BEGIN

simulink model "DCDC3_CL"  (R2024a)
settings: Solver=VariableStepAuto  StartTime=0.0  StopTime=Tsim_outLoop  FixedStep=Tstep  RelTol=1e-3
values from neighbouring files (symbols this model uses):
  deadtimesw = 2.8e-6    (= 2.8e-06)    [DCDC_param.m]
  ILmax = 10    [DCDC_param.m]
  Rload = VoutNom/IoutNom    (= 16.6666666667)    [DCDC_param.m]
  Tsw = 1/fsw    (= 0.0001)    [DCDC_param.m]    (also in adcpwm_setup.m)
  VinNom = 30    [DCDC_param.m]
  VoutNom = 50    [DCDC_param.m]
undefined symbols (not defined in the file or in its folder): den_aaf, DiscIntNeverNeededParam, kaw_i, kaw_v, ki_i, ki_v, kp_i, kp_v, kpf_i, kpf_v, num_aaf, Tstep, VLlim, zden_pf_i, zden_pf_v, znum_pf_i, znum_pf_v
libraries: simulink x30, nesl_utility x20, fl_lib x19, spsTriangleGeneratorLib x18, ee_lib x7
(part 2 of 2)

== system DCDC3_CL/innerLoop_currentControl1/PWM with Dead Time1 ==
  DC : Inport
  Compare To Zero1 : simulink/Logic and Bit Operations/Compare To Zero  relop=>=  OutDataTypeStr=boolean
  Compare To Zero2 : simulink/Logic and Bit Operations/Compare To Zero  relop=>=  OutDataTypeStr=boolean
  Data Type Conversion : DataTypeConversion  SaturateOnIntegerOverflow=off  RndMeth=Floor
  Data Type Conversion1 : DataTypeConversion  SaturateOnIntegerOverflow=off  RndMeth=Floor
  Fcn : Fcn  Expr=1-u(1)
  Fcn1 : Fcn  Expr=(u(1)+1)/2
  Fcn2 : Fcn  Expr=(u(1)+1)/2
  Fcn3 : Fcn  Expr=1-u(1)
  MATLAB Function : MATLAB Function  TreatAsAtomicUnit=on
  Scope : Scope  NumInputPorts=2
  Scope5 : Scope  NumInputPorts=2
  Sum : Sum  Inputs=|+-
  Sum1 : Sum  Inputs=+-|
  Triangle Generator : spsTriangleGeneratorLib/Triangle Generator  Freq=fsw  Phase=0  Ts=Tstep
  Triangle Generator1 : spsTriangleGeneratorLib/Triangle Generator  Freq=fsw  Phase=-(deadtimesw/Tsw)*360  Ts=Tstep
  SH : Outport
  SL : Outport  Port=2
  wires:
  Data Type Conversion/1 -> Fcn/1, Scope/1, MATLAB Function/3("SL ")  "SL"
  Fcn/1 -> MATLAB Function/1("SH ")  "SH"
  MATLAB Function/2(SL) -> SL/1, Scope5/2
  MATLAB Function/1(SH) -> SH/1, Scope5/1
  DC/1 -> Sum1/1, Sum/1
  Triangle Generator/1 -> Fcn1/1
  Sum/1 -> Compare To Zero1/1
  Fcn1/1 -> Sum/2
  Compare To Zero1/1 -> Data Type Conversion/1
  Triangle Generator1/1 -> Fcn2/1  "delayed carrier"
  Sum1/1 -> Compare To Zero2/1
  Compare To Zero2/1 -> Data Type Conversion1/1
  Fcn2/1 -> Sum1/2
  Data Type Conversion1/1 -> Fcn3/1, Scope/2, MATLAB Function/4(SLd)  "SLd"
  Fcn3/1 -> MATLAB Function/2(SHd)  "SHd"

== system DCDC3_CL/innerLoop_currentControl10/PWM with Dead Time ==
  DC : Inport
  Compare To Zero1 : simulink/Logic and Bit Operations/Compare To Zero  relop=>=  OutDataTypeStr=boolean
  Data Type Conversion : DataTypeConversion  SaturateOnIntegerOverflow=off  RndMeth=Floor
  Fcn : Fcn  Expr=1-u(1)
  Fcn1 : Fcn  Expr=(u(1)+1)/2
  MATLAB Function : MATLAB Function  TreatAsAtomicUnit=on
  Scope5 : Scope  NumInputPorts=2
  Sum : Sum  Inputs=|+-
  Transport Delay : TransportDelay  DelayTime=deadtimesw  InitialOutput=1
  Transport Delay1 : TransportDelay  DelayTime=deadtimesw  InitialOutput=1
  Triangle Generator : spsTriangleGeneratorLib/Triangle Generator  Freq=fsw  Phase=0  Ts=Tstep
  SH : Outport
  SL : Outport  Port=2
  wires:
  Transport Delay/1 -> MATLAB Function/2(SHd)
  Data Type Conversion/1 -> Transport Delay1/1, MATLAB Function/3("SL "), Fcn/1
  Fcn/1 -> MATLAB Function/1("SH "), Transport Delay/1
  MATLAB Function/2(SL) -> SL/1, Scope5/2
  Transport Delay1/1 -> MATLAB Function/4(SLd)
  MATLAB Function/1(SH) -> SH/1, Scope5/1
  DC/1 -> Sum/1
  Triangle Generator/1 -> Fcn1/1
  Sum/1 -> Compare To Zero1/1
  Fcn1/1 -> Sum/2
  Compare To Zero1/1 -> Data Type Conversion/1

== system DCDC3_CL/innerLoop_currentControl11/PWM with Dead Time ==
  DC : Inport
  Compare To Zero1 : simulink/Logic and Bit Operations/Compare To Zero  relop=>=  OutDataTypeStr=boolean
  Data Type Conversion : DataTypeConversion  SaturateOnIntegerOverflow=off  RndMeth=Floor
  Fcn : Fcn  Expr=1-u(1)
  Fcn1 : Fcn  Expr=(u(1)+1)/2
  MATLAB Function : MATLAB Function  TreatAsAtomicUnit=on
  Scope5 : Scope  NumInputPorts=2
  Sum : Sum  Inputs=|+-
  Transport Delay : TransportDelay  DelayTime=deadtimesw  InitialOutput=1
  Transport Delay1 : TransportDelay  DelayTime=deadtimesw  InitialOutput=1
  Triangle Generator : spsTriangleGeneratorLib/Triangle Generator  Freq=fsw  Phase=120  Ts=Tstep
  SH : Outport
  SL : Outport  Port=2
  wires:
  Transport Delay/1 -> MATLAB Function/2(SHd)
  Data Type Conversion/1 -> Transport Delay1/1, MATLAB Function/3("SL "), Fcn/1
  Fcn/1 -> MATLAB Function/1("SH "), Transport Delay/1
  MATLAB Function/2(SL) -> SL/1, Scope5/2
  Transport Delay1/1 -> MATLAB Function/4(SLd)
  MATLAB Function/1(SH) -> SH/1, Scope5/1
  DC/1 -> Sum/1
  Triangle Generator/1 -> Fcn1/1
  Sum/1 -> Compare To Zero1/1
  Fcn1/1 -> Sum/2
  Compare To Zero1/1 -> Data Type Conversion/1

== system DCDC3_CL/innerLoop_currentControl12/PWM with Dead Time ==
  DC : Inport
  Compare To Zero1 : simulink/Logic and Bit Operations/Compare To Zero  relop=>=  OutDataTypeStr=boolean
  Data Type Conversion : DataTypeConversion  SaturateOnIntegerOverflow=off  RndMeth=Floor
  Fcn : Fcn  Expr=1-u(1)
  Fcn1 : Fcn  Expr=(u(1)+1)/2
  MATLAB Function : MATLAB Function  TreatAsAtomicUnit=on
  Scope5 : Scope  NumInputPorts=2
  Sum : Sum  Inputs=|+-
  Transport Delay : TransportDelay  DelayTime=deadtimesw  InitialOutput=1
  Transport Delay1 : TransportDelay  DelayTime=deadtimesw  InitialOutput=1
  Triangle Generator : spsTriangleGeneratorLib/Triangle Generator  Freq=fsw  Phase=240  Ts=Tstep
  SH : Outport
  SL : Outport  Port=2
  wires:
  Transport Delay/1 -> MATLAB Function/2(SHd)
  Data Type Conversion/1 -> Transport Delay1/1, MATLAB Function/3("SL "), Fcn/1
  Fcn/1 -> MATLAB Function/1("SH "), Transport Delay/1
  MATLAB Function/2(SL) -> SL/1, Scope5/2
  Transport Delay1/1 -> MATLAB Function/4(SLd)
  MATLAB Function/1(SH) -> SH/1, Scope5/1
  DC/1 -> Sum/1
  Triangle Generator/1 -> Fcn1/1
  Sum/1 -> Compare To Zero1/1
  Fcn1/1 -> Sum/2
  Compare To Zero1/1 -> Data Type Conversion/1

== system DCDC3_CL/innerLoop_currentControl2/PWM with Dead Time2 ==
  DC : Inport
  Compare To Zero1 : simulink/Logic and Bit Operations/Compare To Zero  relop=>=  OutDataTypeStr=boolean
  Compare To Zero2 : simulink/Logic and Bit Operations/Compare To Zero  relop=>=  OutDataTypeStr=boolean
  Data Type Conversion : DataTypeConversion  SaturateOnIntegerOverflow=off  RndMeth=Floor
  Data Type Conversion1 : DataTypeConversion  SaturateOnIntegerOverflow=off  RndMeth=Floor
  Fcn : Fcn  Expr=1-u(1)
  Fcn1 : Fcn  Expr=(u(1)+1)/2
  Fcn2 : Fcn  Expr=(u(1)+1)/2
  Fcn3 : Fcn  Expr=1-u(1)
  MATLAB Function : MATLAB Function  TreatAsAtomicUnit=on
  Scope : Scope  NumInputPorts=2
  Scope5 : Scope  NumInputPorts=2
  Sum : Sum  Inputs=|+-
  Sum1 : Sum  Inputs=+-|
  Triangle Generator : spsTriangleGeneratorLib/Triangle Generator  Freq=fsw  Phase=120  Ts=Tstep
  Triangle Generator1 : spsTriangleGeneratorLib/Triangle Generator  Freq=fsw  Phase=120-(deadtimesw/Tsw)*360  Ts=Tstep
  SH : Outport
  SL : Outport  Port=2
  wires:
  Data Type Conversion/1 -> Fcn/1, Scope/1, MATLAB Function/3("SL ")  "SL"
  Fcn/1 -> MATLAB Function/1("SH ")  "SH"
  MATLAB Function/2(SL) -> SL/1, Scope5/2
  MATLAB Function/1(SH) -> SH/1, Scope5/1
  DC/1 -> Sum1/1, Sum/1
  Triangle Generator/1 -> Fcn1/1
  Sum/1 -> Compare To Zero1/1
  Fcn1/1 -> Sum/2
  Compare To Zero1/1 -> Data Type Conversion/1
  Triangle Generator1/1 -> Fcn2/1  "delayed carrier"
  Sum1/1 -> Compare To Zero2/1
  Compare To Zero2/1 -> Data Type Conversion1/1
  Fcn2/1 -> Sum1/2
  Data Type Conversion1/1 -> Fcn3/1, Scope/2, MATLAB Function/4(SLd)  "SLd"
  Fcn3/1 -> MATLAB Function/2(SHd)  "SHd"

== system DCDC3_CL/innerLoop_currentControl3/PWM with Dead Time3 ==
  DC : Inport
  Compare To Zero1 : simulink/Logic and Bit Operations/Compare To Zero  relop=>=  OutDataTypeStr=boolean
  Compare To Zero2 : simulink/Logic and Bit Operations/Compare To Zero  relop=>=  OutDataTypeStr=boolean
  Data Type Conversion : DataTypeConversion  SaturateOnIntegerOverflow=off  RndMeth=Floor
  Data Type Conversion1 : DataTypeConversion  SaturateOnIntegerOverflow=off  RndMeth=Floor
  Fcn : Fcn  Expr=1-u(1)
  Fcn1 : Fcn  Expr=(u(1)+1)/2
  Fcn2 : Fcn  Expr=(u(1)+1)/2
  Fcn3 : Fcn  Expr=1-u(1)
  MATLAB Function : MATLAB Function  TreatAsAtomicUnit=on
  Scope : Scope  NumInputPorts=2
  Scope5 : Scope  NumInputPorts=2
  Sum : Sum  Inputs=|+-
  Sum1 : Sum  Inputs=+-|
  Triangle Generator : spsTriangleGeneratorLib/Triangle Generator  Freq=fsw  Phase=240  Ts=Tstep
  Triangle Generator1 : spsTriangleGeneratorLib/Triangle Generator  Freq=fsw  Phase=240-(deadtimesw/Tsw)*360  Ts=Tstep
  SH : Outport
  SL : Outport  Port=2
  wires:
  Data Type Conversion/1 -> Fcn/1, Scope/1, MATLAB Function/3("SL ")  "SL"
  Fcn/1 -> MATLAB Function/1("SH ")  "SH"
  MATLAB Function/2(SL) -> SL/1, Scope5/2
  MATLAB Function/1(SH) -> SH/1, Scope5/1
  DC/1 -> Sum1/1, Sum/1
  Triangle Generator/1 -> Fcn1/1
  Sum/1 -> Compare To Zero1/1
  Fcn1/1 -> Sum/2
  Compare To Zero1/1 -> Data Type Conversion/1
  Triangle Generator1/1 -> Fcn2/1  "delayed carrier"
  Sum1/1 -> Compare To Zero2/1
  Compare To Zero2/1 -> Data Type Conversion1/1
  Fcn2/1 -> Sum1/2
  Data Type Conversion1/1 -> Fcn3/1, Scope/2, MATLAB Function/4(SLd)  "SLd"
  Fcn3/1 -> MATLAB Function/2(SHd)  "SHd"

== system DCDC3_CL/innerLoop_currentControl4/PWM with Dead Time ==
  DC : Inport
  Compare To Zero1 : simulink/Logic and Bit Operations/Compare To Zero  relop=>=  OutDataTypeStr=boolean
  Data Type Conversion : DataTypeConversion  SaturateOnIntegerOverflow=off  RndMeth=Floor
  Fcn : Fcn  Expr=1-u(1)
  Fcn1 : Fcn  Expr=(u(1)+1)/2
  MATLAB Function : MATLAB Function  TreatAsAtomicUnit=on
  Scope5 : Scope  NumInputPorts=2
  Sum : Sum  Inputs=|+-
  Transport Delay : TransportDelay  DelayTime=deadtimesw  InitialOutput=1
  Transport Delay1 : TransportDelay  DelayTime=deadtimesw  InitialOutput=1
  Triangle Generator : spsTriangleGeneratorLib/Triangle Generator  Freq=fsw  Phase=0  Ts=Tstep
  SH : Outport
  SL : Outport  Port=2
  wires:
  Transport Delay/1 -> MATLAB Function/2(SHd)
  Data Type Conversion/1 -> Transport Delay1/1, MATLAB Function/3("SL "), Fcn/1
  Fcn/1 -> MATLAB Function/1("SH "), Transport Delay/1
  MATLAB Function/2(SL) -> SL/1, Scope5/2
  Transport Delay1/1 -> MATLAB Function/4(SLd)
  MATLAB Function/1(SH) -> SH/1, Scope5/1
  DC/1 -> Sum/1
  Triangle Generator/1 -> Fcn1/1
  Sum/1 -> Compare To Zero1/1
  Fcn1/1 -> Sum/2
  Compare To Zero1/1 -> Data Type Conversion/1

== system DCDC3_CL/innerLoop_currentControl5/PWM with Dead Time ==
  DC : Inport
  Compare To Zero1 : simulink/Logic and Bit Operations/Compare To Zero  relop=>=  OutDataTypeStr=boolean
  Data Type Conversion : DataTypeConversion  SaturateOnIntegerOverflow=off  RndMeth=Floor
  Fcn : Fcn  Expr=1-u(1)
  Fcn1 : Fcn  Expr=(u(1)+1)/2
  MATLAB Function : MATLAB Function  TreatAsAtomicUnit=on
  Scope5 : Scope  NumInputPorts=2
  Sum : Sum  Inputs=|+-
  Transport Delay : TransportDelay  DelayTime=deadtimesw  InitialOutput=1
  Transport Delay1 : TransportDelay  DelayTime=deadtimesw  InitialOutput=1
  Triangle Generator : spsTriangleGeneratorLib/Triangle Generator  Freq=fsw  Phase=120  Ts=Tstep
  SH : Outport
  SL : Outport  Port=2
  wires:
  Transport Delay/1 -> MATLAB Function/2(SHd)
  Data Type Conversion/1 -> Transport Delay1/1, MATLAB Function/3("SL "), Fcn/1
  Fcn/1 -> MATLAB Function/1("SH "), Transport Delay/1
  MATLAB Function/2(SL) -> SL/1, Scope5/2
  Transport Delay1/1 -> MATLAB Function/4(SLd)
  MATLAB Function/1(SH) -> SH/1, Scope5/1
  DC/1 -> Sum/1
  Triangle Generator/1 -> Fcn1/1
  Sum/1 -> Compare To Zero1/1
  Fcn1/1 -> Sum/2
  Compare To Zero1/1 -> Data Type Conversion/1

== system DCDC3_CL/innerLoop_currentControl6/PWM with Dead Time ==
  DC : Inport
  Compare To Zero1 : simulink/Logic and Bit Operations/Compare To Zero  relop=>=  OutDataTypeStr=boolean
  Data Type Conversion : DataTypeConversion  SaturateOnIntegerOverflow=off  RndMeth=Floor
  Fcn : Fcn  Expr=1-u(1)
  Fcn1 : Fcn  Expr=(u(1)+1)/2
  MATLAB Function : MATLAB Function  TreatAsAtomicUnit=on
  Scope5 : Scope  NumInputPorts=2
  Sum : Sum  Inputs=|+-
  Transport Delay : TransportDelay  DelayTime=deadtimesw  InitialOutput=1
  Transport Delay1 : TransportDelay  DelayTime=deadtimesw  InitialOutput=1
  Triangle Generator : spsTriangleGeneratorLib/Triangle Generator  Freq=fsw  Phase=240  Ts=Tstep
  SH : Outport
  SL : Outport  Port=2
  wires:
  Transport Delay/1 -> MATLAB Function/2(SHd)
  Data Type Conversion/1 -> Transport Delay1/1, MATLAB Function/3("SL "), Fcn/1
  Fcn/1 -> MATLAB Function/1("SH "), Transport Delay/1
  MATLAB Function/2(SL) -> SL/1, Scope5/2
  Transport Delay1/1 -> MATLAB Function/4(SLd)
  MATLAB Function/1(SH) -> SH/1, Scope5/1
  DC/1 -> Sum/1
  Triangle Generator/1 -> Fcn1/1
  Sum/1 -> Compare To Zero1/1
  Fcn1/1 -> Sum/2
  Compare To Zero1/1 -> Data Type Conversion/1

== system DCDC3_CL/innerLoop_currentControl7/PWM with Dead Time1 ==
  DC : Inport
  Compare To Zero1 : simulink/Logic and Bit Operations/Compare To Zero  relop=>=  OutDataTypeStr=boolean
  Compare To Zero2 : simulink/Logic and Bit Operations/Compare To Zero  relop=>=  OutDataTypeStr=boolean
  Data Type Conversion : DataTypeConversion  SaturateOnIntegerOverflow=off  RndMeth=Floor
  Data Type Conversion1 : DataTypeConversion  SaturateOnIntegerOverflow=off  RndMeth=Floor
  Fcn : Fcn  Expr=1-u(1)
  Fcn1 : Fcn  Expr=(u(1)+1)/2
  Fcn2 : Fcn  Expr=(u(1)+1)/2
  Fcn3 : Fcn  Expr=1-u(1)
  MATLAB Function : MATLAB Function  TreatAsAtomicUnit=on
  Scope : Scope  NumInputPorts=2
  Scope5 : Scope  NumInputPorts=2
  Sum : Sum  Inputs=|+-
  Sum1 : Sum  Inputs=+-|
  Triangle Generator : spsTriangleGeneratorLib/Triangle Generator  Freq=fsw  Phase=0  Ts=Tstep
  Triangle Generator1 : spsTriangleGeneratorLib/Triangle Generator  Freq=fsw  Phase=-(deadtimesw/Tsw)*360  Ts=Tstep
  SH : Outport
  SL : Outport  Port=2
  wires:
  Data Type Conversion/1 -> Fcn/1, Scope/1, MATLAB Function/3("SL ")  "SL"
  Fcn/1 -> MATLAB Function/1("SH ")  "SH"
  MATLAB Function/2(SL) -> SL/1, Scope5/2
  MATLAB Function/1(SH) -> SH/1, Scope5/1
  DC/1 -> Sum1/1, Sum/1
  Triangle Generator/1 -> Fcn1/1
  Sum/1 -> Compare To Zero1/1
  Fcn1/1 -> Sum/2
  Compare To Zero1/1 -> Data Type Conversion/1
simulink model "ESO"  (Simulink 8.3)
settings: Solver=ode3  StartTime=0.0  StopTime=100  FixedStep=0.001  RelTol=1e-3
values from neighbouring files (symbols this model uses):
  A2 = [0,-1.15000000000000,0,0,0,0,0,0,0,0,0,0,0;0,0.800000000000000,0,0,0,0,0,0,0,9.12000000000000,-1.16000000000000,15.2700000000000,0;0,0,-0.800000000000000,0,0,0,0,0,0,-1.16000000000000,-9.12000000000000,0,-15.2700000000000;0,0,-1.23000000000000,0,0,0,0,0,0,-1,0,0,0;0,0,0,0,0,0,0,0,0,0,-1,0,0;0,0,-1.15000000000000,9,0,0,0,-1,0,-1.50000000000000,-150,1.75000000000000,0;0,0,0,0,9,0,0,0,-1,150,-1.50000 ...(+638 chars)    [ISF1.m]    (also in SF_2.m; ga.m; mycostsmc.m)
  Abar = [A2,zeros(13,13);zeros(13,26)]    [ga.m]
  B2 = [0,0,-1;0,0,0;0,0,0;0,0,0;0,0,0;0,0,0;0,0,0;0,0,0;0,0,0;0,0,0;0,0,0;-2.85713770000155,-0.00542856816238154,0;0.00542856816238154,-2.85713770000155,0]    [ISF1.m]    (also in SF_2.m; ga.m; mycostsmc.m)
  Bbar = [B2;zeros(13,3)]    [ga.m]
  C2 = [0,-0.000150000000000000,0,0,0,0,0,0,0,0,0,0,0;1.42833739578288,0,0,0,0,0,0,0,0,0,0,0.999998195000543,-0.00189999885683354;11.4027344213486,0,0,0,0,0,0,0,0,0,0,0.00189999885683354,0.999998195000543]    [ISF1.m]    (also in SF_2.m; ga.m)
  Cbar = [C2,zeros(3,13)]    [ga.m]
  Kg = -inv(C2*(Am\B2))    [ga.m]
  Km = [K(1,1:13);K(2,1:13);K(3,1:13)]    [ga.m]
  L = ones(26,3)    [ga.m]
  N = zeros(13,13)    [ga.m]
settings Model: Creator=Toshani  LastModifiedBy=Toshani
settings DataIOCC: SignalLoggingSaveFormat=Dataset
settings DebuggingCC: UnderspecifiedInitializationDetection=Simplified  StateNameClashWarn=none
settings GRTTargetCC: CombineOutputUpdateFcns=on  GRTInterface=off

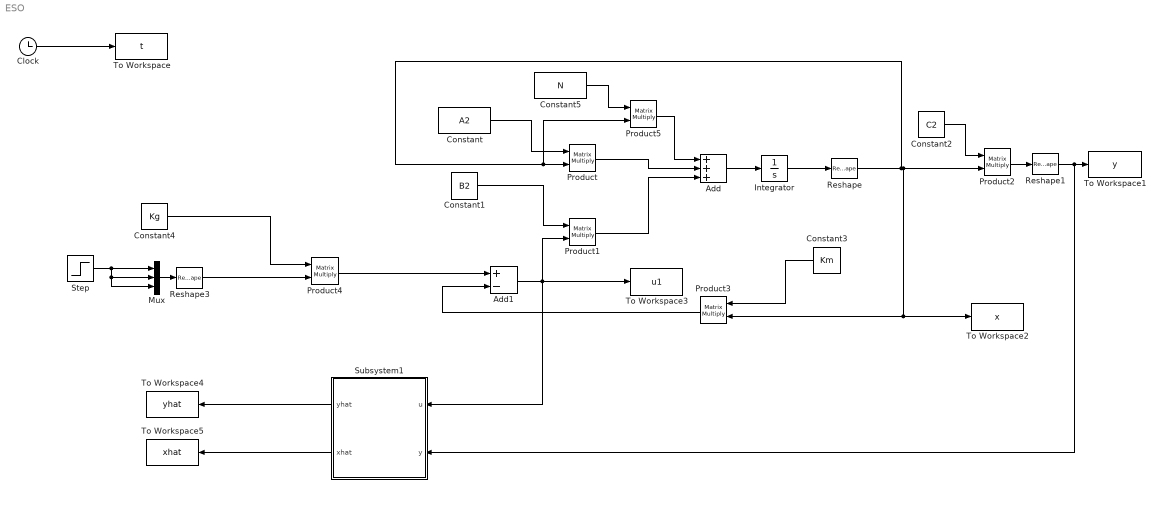
== system ESO ==
  Add : Sum  Inputs=+++
  Add1 : Sum  Inputs=+-
  Clock : Clock
  Constant : Constant  Value=A2
  Constant1 : Constant  Value=B2
  Constant2 : Constant  Value=C2
  Constant3 : Constant  Value=Km
  Constant4 : Constant  Value=Kg
  Constant5 : Constant  Value=N
  Integrator : Integrator  InitialCondition=0.1
  Mux : Mux  Inputs=3
  Product{,1..5} (6 alike) : Product  Multiplication=Matrix(*)
  Reshape : Reshape  OutputDimensionality=Column vector (2-D)
  Reshape1 : Reshape  OutputDimensionality=Column vector (2-D)
  Reshape3 : Reshape  OutputDimensionality=Column vector (2-D)
  Step : Step  Time=0  SampleTime=0
  Subsystem1 : Subsystem
  To Workspace : ToWorkspace  VariableName=t  SampleTime=-1
  To Workspace1 : ToWorkspace  VariableName=y  SampleTime=-1
  To Workspace2 : ToWorkspace  VariableName=x  SampleTime=-1
  To Workspace3 : ToWorkspace  VariableName=u1  SampleTime=-1
  To Workspace4 : ToWorkspace  VariableName=yhat  SampleTime=-1
  To Workspace5 : ToWorkspace  VariableName=xhat  SampleTime=-1
  wires:
  Constant/1 -> Product/1
  Constant1/1 -> Product1/1
  Add/1 -> Integrator/1
  Integrator/1 -> Reshape/1
  Mux/1 -> Reshape3/1
  Step/1 -> Mux/3, Mux/2, Mux/1
  Reshape/1 -> Product3/2, To Workspace2/1, Product2/2, Product5/2, Product/2
  Clock/1 -> To Workspace/1
  Product2/1 -> Reshape1/1
  Constant3/1 -> Product3/1
  Constant2/1 -> Product2/1
  Reshape1/1 -> Subsystem1/2(y), To Workspace1/1
  Reshape3/1 -> Product4/2
  Constant4/1 -> Product4/1
  Product3/1 -> Add1/2
  Product4/1 -> Add1/1
  Add1/1 -> Subsystem1/1(u), To Workspace3/1, Product1/2
  Subsystem1/1(yhat) -> To Workspace4/1
  Subsystem1/2(xhat) -> To Workspace5/1
  Product1/1 -> Add/3
  Product/1 -> Add/2
  Product5/1 -> Add/1
  Constant5/1 -> Product5/1

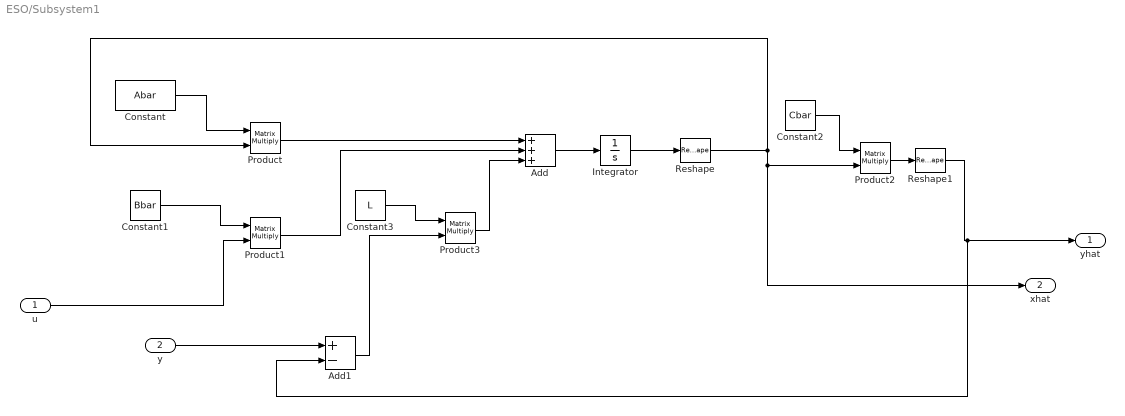
== system ESO/Subsystem1 ==
  u : Inport
  y : Inport  Port=2
  Add : Sum  Inputs=+++
  Add1 : Sum  Inputs=+-
  Constant : Constant  Value=Abar
  Constant1 : Constant  Value=Bbar
  Constant2 : Constant  Value=Cbar
  Constant3 : Constant  Value=L
  Integrator : Integrator  InitialCondition=0.1
  Product{,1..3} (4 alike) : Product  Multiplication=Matrix(*)
  Reshape : Reshape  OutputDimensionality=Column vector (2-D)
  Reshape1 : Reshape  OutputDimensionality=Column vector (2-D)
  yhat : Outport
  xhat : Outport  Port=2
  wires:
  u/1 -> Product1/2
  Reshape1/1 -> Add1/2, yhat/1
  Constant2/1 -> Product2/1
  Product2/1 -> Reshape1/1
  Reshape/1 -> Product2/2, xhat/1, Product/2
  Integrator/1 -> Reshape/1
  Add/1 -> Integrator/1
  Product1/1 -> Add/2
  Constant1/1 -> Product1/1
  Product/1 -> Add/1
  Constant/1 -> Product/1
  y/1 -> Add1/1
  Add1/1 -> Product3/2
  Product3/1 -> Add/3
  Constant3/1 -> Product3/1

END

--- ACTION ITEM ---
Nothing but the lines from the first line of the listing above through the line holding "(part 2 of 2)" should be reproduced, and each must match exactly.

--- RESULT ---
simulink model "DCDC3_CL"  (R2024a)
settings: Solver=VariableStepAuto  StartTime=0.0  StopTime=Tsim_outLoop  FixedStep=Tstep  RelTol=1e-3
values from neighbouring files (symbols this model uses):
  deadtimesw = 2.8e-6    (= 2.8e-06)    [DCDC_param.m]
  ILmax = 10    [DCDC_param.m]
  Rload = VoutNom/IoutNom    (= 16.6666666667)    [DCDC_param.m]
  Tsw = 1/fsw    (= 0.0001)    [DCDC_param.m]    (also in adcpwm_setup.m)
  VinNom = 30    [DCDC_param.m]
  VoutNom = 50    [DCDC_param.m]
undefined symbols (not defined in the file or in its folder): den_aaf, DiscIntNeverNeededParam, kaw_i, kaw_v, ki_i, ki_v, kp_i, kp_v, kpf_i, kpf_v, num_aaf, Tstep, VLlim, zden_pf_i, zden_pf_v, znum_pf_i, znum_pf_v
libraries: simulink x30, nesl_utility x20, fl_lib x19, spsTriangleGeneratorLib x18, ee_lib x7
(part 2 of 2)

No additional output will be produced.